Records to use >>
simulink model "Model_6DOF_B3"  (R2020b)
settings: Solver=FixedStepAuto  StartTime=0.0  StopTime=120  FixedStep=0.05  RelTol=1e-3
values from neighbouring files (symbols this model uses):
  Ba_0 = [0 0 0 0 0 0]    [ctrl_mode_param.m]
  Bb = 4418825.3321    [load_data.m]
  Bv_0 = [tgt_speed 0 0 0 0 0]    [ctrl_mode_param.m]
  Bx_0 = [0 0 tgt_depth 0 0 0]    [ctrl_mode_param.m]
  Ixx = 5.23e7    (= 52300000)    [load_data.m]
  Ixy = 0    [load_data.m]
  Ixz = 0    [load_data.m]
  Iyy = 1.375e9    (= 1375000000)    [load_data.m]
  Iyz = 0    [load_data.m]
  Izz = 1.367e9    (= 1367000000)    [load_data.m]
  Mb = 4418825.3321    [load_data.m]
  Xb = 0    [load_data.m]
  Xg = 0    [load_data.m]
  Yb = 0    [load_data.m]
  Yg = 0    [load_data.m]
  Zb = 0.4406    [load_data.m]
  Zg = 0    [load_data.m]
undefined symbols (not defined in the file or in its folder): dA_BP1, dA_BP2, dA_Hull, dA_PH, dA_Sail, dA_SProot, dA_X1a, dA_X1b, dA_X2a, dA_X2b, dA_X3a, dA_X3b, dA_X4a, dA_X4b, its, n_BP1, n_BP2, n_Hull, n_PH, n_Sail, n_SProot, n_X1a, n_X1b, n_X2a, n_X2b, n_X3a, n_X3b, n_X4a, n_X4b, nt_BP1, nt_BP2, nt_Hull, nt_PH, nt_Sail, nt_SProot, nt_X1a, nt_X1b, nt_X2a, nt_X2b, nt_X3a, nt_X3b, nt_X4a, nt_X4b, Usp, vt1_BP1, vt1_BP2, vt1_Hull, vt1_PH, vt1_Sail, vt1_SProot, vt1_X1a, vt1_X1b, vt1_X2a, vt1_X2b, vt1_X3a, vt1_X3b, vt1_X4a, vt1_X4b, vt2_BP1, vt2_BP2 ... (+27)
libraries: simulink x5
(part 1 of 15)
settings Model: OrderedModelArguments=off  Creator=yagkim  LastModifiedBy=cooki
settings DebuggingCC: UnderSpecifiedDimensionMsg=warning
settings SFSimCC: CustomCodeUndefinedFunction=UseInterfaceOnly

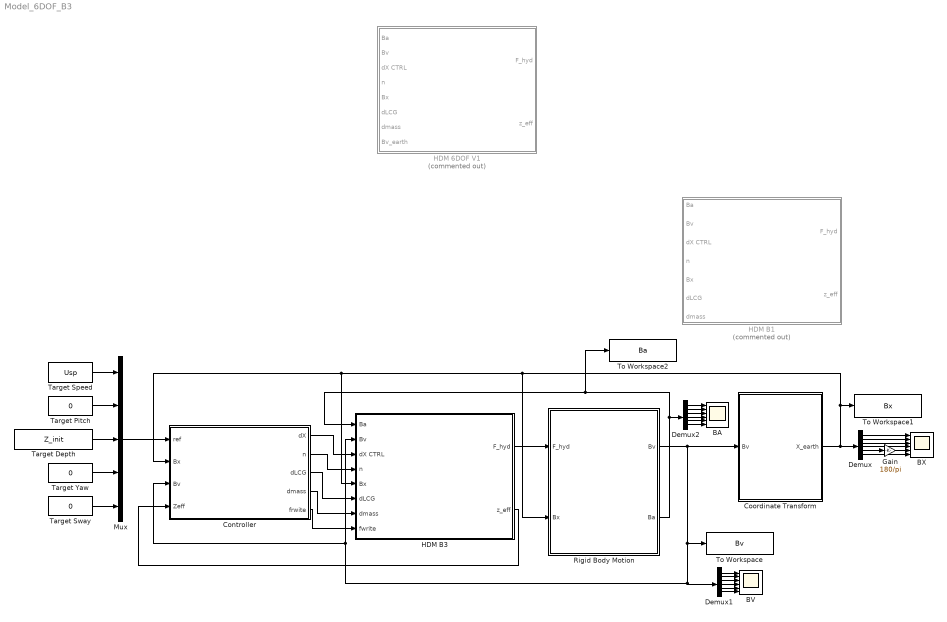
== system Model_6DOF_B3 ==
  BA : Scope  NumInputPorts=6
  BV : Scope  NumInputPorts=6
  BX : Scope  NumInputPorts=6
  Controller : Subsystem
  Coordinate Transform : Subsystem
  Demux : Demux  Outputs=6
  Demux1 : Demux  Outputs=6
  Demux2 : Demux  Outputs=6
  Gain : Gain  Gain=180/pi
  HDM 6DOF V1 : Subsystem  Commented=on  InitFcn='main'
  HDM B1 : Subsystem  Commented=on  InitFcn='main'
  HDM B3 : Subsystem  InitFcn='main'
  Mux : Mux  Inputs=5
  Rigid Body Motion : Subsystem
  Target Depth : Constant  Value=Z_init
  Target Pitch : Constant  Value=0
  Target Speed : Constant  Value=Usp
  Target Sway : Constant  Value=0
  Target Yaw : Constant  Value=0
  To Workspace : ToWorkspace  VariableName=Bv  SaveFormat=Timeseries  SampleTime=-1
  To Workspace1 : ToWorkspace  VariableName=Bx  SaveFormat=Timeseries  SampleTime=-1
  To Workspace2 : ToWorkspace  VariableName=Ba  SaveFormat=Timeseries  SampleTime=-1
  wires:
  Demux/1 -> BX/1
  Demux/2 -> BX/2
  Demux/3 -> BX/3
  Demux/4 -> BX/4
  Demux/6 -> BX/6
  Demux1/6 -> BV/6
  Demux1/5 -> BV/5
  Demux1/4 -> BV/4
  Demux1/3 -> BV/3
  Demux1/2 -> BV/2
  Demux1/1 -> BV/1
  Mux/1 -> Controller/1(ref)
  Target Speed/1 -> Mux/1
  Target Depth/1 -> Mux/3
  Gain/1 -> BX/5
  Demux/5 -> Gain/1
  Controller/2(n) -> HDM B3/4(n)
  Demux2/4 -> BA/4
  Demux2/1 -> BA/1
  Demux2/3 -> BA/3
  Demux2/6 -> BA/6
  Demux2/5 -> BA/5
  Demux2/2 -> BA/2
  Rigid Body Motion/2(Ba) -> To Workspace2/1, HDM B3/1(Ba), Demux2/1
  Rigid Body Motion/1(Bv) -> Coordinate Transform/1(Bv), Demux1/1, HDM B3/2(Bv), Controller/3(Bv), To Workspace/1
  HDM B3/1(F_hyd) -> Rigid Body Motion/1(F_hyd)
  Target Pitch/1 -> Mux/2
  Target Yaw/1 -> Mux/4
  Target Sway/1 -> Mux/5
  Coordinate Transform/1(X_earth) -> Demux/1, Rigid Body Motion/2(Bx), Controller/2(Bx), HDM B3/5(Bx), To Workspace1/1
  Controller/1(dX) -> HDM B3/3(dX CTRL)
  Controller/3(dLCG) -> HDM B3/6(dLCG)
  Controller/4(dmass) -> HDM B3/7(dmass)
  HDM B3/2(z_eff) -> Controller/4(Zeff)
  Controller/5(frwite) -> HDM B3/8(fwrite)

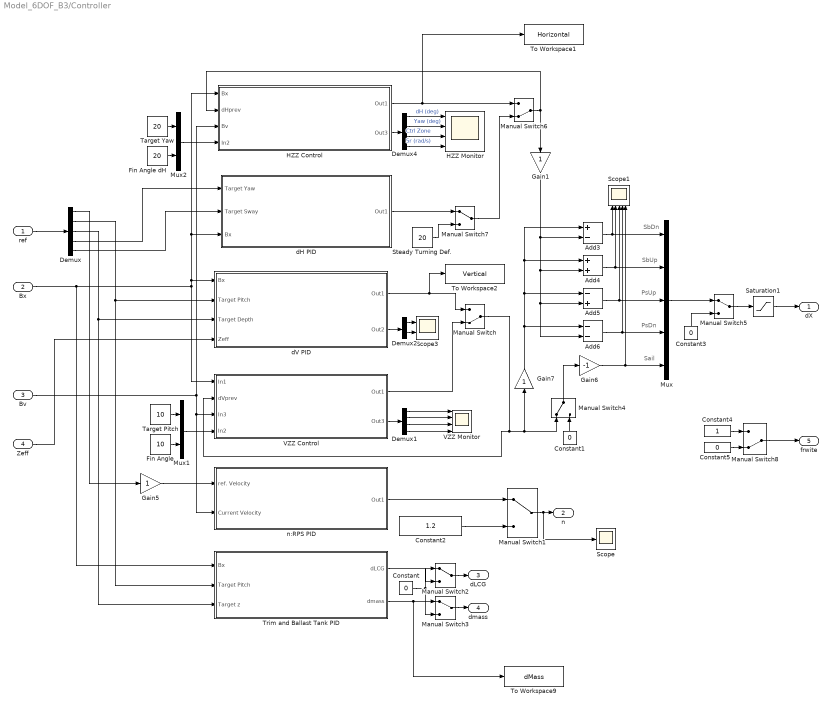
== system Model_6DOF_B3/Controller ==
  note: SbDn
  note: SbUp
  note: PsUp
  note: PsDn
  note: Sail
  ref : Inport
  Bx : Inport  Port=2
  Bv : Inport  Port=3
  Zeff : Inport  Port=4
  Add3 : Sum  Inputs=+-
  Add4 : Sum
  Add5 : Sum  Inputs=-+
  Add6 : Sum  Inputs=--
  Constant{,1,3,5} (4 alike) : Constant  Value=0
  Constant2 : Constant  Value=1.2
  Constant4 : Constant
  Demux : Demux  Outputs=5
  Demux1 : Demux
  Demux2 : Demux  Outputs=2
  Demux4 : Demux
  Fin Angle : Constant  Value=10
  Fin Angle dH : Constant  Value=20
  Gain1 : Gain
  Gain5 : Gain
  Gain6 : Gain  Gain=-1
  Gain7 : Gain
  HZZ Control : Subsystem
  HZZ Monitor : Scope  NumInputPorts=4
  Manual Switch : ManualSwitch  CurrentSetting=0
  Manual Switch{1..5,7} (6 alike) : ManualSwitch
  Manual Switch6 : ManualSwitch  CurrentSetting=0
  Manual Switch8 : ManualSwitch  CurrentSetting=0
  Mux : Mux  Inputs=5
  Mux1 : Mux  Inputs=2
  Mux2 : Mux  Inputs=2
  Saturation1 : Saturate  UpperLimit=30  LowerLimit=-30
  Scope : Scope
  Scope1 : Scope  NumInputPorts=5
  Scope3 : Scope  NumInputPorts=2
  Steady Turning Def. : Constant  Value=20
  Target Pitch : Constant  Value=10
  Target Yaw : Constant  Value=20
  To Workspace1 : ToWorkspace  VariableName=Horizontal  SaveFormat=Timeseries  SampleTime=-1
  To Workspace2 : ToWorkspace  VariableName=Vertical  SaveFormat=Timeseries  SampleTime=-1
  To Workspace9 : ToWorkspace  VariableName=dMass  SaveFormat=Timeseries  SampleTime=-1
  Trim and Ballast Tank PID : Subsystem
  VZZ Control : Subsystem
  VZZ Monitor : Scope  NumInputPorts=4
  dH PID : Subsystem
  dV PID : Subsystem
  n:RPS PID : Subsystem
  dX : Outport  VectorParamsAs1DForOutWhenUnconnected=off
  n : Outport  Port=2  VectorParamsAs1DForOutWhenUnconnected=off
  dLCG : Outport  Port=3  VectorParamsAs1DForOutWhenUnconnected=off
  dmass : Outport  Port=4  VectorParamsAs1DForOutWhenUnconnected=off
  frwite : Outport  Port=5  VectorParamsAs1DForOutWhenUnconnected=off
  wires:
  Add3/1 -> Mux/1, Scope1/1
  Add4/1 -> Mux/2, Scope1/2
  Add5/1 -> Mux/3, Scope1/3
  Add6/1 -> Mux/4, Scope1/4
  Manual Switch6/1 -> HZZ Control/2(dHprev), Gain1/1
  Gain6/1 -> Mux/5, Scope1/5
  Gain7/1 -> Add3/1, Add4/1, Add5/1, Add6/1
  Demux/1 -> Gain5/1
  Bv/1 -> HZZ Control/3(Bv), n:RPS PID/2(Current Velocity), VZZ Control/3(In3)
  Gain5/1 -> n:RPS PID/1(ref. Velocity)
  Constant2/1 -> Manual Switch1/2
  n:RPS PID/1(Out1) -> Manual Switch1/1
  Manual Switch/1 -> VZZ Control/2(dVprev), Manual Switch4/1, Gain7/1
  ref/1 -> Demux/1
  dV PID/1(Out1) -> Manual Switch/1, To Workspace2/1
  Demux/4 -> dH PID/1(Target Yaw)
  Demux/5 -> dH PID/2(Target Sway)
  dH PID/1(Out1) -> Manual Switch7/1
  VZZ Control/1(Out1) -> Manual Switch/2
  Demux1/1 -> VZZ Monitor/1
  Demux1/2 -> VZZ Monitor/2
  Demux1/3 -> VZZ Monitor/3
  Demux1/4 -> VZZ Monitor/4
  VZZ Control/2(Out3) -> Demux1/1
  Mux1/1 -> VZZ Control/4(In2)
  Target Pitch/1 -> Mux1/1
  Fin Angle/1 -> Mux1/2
  Demux/2 -> Trim and Ballast Tank PID/2(Target Pitch), dV PID/2(Target Pitch)
  Bx/1 -> Trim and Ballast Tank PID/1(Bx), HZZ Control/1(Bx), dH PID/3(Bx), dV PID/1(Bx), VZZ Control/1(In1)
  Demux/3 -> Trim and Ballast Tank PID/3(Target z), dV PID/3(Target Depth)
  Trim and Ballast Tank PID/1(dLCG) -> Manual Switch2/2
  Trim and Ballast Tank PID/2(dmass) -> To Workspace9/1, Manual Switch3/1
  Mux/1 -> Manual Switch5/1
  Demux2/2 -> Scope3/2
  Demux2/1 -> Scope3/1
  dV PID/2(Out2) -> Demux2/1
  Manual Switch2/1 -> dLCG/1
  Constant/1 -> Manual Switch3/2, Manual Switch2/1
  Manual Switch4/1 -> Gain6/1
  Constant1/1 -> Manual Switch4/2
  Manual Switch5/1 -> Saturation1/1
  Constant3/1 -> Manual Switch5/2
  Fin Angle dH/1 -> Mux2/2
  Mux2/1 -> HZZ Control/4(In2)
  Target Yaw/1 -> Mux2/1
  Demux4/3 -> HZZ Monitor/3  "Ctrl Zone"
  HZZ Control/2(Out3) -> Demux4/1
  Demux4/4 -> HZZ Monitor/4  "5r (rad/s)"
  Demux4/2 -> HZZ Monitor/2  "Yaw (deg)"
  Demux4/1 -> HZZ Monitor/1  "dH (deg)"
  HZZ Control/1(Out1) -> To Workspace1/1, Manual Switch6/1
  Gain1/1 -> Add6/2, Add5/2, Add4/2, Add3/2
  Zeff/1 -> dV PID/4(Zeff)
  Saturation1/1 -> dX/1
  Manual Switch1/1 -> Scope/1, n/1
  Manual Switch3/1 -> dmass/1
  Manual Switch7/1 -> Manual Switch6/2
  Steady Turning Def./1 -> Manual Switch7/2
  Manual Switch8/1 -> frwite/1
  Constant4/1 -> Manual Switch8/1
  Constant5/1 -> Manual Switch8/2

== system Model_6DOF_B3/Coordinate Transform ==
  Bv : Inport
  Demux : Demux  Outputs=6
  Gain2 : Gain
  Gain6 : Gain
  Integrator : Integrator  InitialCondition=Bx_0
  MATLAB Function2 : MATLAB Function  TreatAsAtomicUnit=on
  Mux : Mux  Inputs=6
  X_earth : Outport  VectorParamsAs1DForOutWhenUnconnected=off
  wires:
  Bv/1 -> MATLAB Function2/2(Bv)
  MATLAB Function2/1(out) -> Integrator/1
  Integrator/1 -> MATLAB Function2/1(Bx), Demux/1
  Mux/1 -> X_earth/1
  Demux/1 -> Mux/1
  Demux/2 -> Mux/2
  Demux/3 -> Gain6/1
  Demux/4 -> Mux/4
  Demux/5 -> Gain2/1
  Demux/6 -> Mux/6
  Gain6/1 -> Mux/3
  Gain2/1 -> Mux/5

== system Model_6DOF_B3/HDM 6DOF V1 ==
  Ba : Inport
  Bv : Inport  Port=2
  dX CTRL : Inport  Port=3
  n : Inport  Port=4
  Bx : Inport  Port=5
  dLCG : Inport  Port=6
  dmass : Inport  Port=7
  Bv_earth : Inport  Port=8
  Constant4 : Constant  Value=0
  Effective Veloicity Calclation : Subsystem
  Effective dX Calculation : Subsystem
  K : Subsystem
  M : Subsystem
  M 6d org : Subsystem  Commented=on
  Manual Switch1 : ManualSwitch
  Manual Switch2 : ManualSwitch
  Manual Switch3 : ManualSwitch  CurrentSetting=0
  Manual Switch4 : ManualSwitch  CurrentSetting=0
  Manual Switch5 : ManualSwitch
  Mux2 : Mux  Inputs=6
  N : Subsystem
  Sea State : Constant  Value=0
  To Workspace1 : ToWorkspace  VariableName=dXeff  SaveFormat=Timeseries  SampleTime=-1
  To Workspace2 : ToWorkspace  VariableName=AOA  SaveFormat=Timeseries  SampleTime=-1
  Wave Particle Velocity : Subsystem
  X : Subsystem
  X 6d org : Subsystem  Commented=on
  Y : Subsystem
  Z : Subsystem
  Z 6d org : Subsystem  Commented=on
  alpha : Scope
  dXeff : Scope
  F_hyd : Outport  VectorParamsAs1DForOutWhenUnconnected=off
  z_eff : Outport  Port=2  VectorParamsAs1DForOutWhenUnconnected=off
  wires:
  Constant4/1 -> Manual Switch4/2, Manual Switch3/2, Manual Switch1/1, Manual Switch2/1, Manual Switch5/1
  Mux2/1 -> F_hyd/1
  X/1(X) -> Mux2/1
  Manual Switch3/1 -> Mux2/3
  Manual Switch2/1 -> Mux2/5
  Effective dX Calculation/1(dXeff) -> To Workspace1/1, dXeff/1, X/5(dXeff), M/6(dX), K/6(dX), Z/6(dX), N/6(dX), Y/6(dX)
  Ba/1 -> X/3(Ba), Y/3(Ba), K/3(Ba), Z/3(Ba), M/3(Ba), N/3(Ba)
  M/1(M) -> Manual Switch2/2
  Z/1(Z) -> Manual Switch3/1
  dX CTRL/1 -> X/12(dXraw), Effective dX Calculation/1(dX CTRL)
  Bx/1 -> X/1(Bx), N/1(Bx), K/1(Bx), Y/1(Bx), Z/1(Bx), M/1(Bx), Wave Particle Velocity/1(Bx_earth)
  dLCG/1 -> Wave Particle Velocity/5(dLCG), X/9(dLCG), Z/8(dLCG), N/8(dLCG), M/8(dLCG), K/8(dLCG), Y/8(dLCG)
  dmass/1 -> M/9(dmass), N/9(dmass), K/9(dmass), Z/9(dmass), Y/9(dmass), X/10(dmass)
  Bv/1 -> Z/2(Bv), N/2(Bv), K/2(Bv), Y/2(Bv), Effective Veloicity Calclation/1(Bv), X/2(Bv), M/2(Bv), Wave Particle Velocity/3(Bv_ship)
  Bv_earth/1 -> Wave Particle Velocity/2(Bv_earth)
  Sea State/1 -> Wave Particle Velocity/4(SeaState)
  Wave Particle Velocity/7(z_eff) -> z_eff/1
  N/1(N) -> Manual Switch1/2
  Y/1(Y) -> Manual Switch4/1
  Manual Switch4/1 -> Mux2/2
  Manual Switch1/1 -> Mux2/6
  Manual Switch5/1 -> Mux2/4
  K/1(K) -> Manual Switch5/2
  Wave Particle Velocity/2(Yvm) -> Y/10(Yvm)
  Wave Particle Velocity/4(Kvm) -> K/10(Kvm)
  Wave Particle Velocity/6(Nvm) -> N/10(Nvm)
  Wave Particle Velocity/8(uwsXi) -> Effective Veloicity Calclation/2(uwsXi)
  Wave Particle Velocity/9(uwsCG) -> Effective Veloicity Calclation/3(uwsCG)
  Effective Veloicity Calclation/5(UeX) -> Y/7(UeX), X/6(UeSP), Z/7(UeSP), N/7(UeX), K/7(UeX), M/7(UeSP)
  Effective Veloicity Calclation/3(Umag) -> Y/5(Umag), M/5(Umag), Z/5(Umag), X/4(Umag), K/5(Umag), N/5(Umag)
  Effective Veloicity Calclation/1(Alpha) -> alpha/1, To Workspace2/1, Z/4(Alpha), M/4(Alpha), X/8(Alpha)
  Effective Veloicity Calclation/2(Beta) -> N/4(Beta), K/4(Beta), Y/4(Beta)
  Effective Veloicity Calclation/4(aXi) -> X/11(dXadd), Effective dX Calculation/2(aXi)
  Wave Particle Velocity/1(Xvm) -> X/13(Xvm)
  n/1 -> X/7(n)
  Wave Particle Velocity/3(Zvm) -> Z/10(Zvm)
  Wave Particle Velocity/5(Mvm) -> M/10(Mvm)

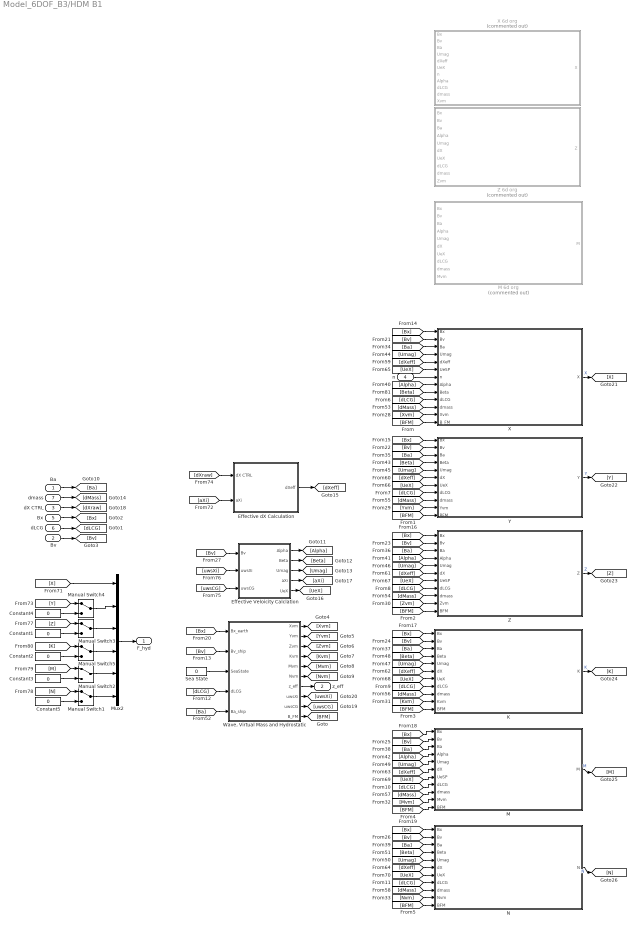
== system Model_6DOF_B3/HDM B1 ==
  Ba : Inport
  Bv : Inport  Port=2
  dX CTRL : Inport  Port=3
  n : Inport  Port=4
  Bx : Inport  Port=5
  dLCG : Inport  Port=6
  dmass : Inport  Port=7
  Constant{1..5} (5 alike) : Constant  Value=0
  Effective Veloicity Calclation : Subsystem
  Effective dX Calculation : Subsystem
  K : Subsystem
  M : Subsystem
  M 6d org : Subsystem  Commented=on
  Manual Switch{1..5} (5 alike) : ManualSwitch
  Mux2 : Mux  Inputs=6
  N : Subsystem
  Sea State : Constant  Value=0
  "Wave, Virtual Mass and Hydrostatic" : Subsystem
  X : Subsystem
  X 6d org : Subsystem  Commented=on
  Y : Subsystem
  Z : Subsystem
  Z 6d org : Subsystem  Commented=on
  F_hyd : Outport  VectorParamsAs1DForOutWhenUnconnected=off
  z_eff : Outport  Port=2  VectorParamsAs1DForOutWhenUnconnected=off
  wires:
  [Beta] -> X/9(Beta)
  [K] -> Manual Switch5/1
  [M] -> Manual Switch2/1
  [N] -> Manual Switch1/1
  [Z] -> Manual Switch3/1
  [Y] -> Manual Switch4/1
  Constant5/1 -> Manual Switch1/2
  Constant3/1 -> Manual Switch2/2
  Constant2/1 -> Manual Switch5/2
  Constant1/1 -> Manual Switch3/2
  Constant4/1 -> Manual Switch4/2
  [X] -> Mux2/1
  N/1(N) -> [N]  "N"
  M/1(M) -> [M]  "M"
  K/1(K) -> [K]  "K"
  Z/1(Z) -> [Z]  "Z"
  Y/1(Y) -> [Y]  "Y"
  X/1(X) -> [X]  "X"
  [uwsXi] -> Effective Veloicity Calclation/2(uwsXi)
  "Wave, Virtual Mass and Hydrostatic"/8(uwsXi) -> [uwsXi]
  [uwsCG] -> Effective Veloicity Calclation/3(uwsCG)
  "Wave, Virtual Mass and Hydrostatic"/9(uwsCG) -> [uwsCG]
  [dXraw] -> Effective dX Calculation/1(dX CTRL)
  dX CTRL/1 -> [dXraw]
  [aXi] -> Effective dX Calculation/2(aXi)
  Effective Veloicity Calclation/4(aXi) -> [aXi]
  [UeX] -> N/7(UeX)
  [UeX] -> M/7(UeSP)
  [UeX] -> K/7(UeX)
  [UeX] -> Z/7(UeSP)
  [UeX] -> Y/7(UeX)
  [UeX] -> X/6(UeSP)
  Effective Veloicity Calclation/5(UeX) -> [UeX]
  [dXeff] -> N/6(dX)
  [dXeff] -> M/6(dX)
  [dXeff] -> K/6(dX)
  [dXeff] -> Z/6(dX)
  [dXeff] -> Y/6(dX)
  [dXeff] -> X/5(dXeff)
  [dMass] -> N/9(dmass)
  [dMass] -> M/9(dmass)
  [dMass] -> K/9(dmass)
  [dMass] -> Y/9(dmass)
  [dMass] -> Z/9(dmass)
  [dMass] -> X/11(dmass)
  [Ba] -> "Wave, Virtual Mass and Hydrostatic"/5(Ba_ship)
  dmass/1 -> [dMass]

Exercise description >> The lines holding the string "alpha" are what is needed from the material above.

Response area >>
  alpha : Scope
  Effective Veloicity Calclation/1(Alpha) -> alpha/1, To Workspace2/1, Z/4(Alpha), M/4(Alpha), X/8(Alpha)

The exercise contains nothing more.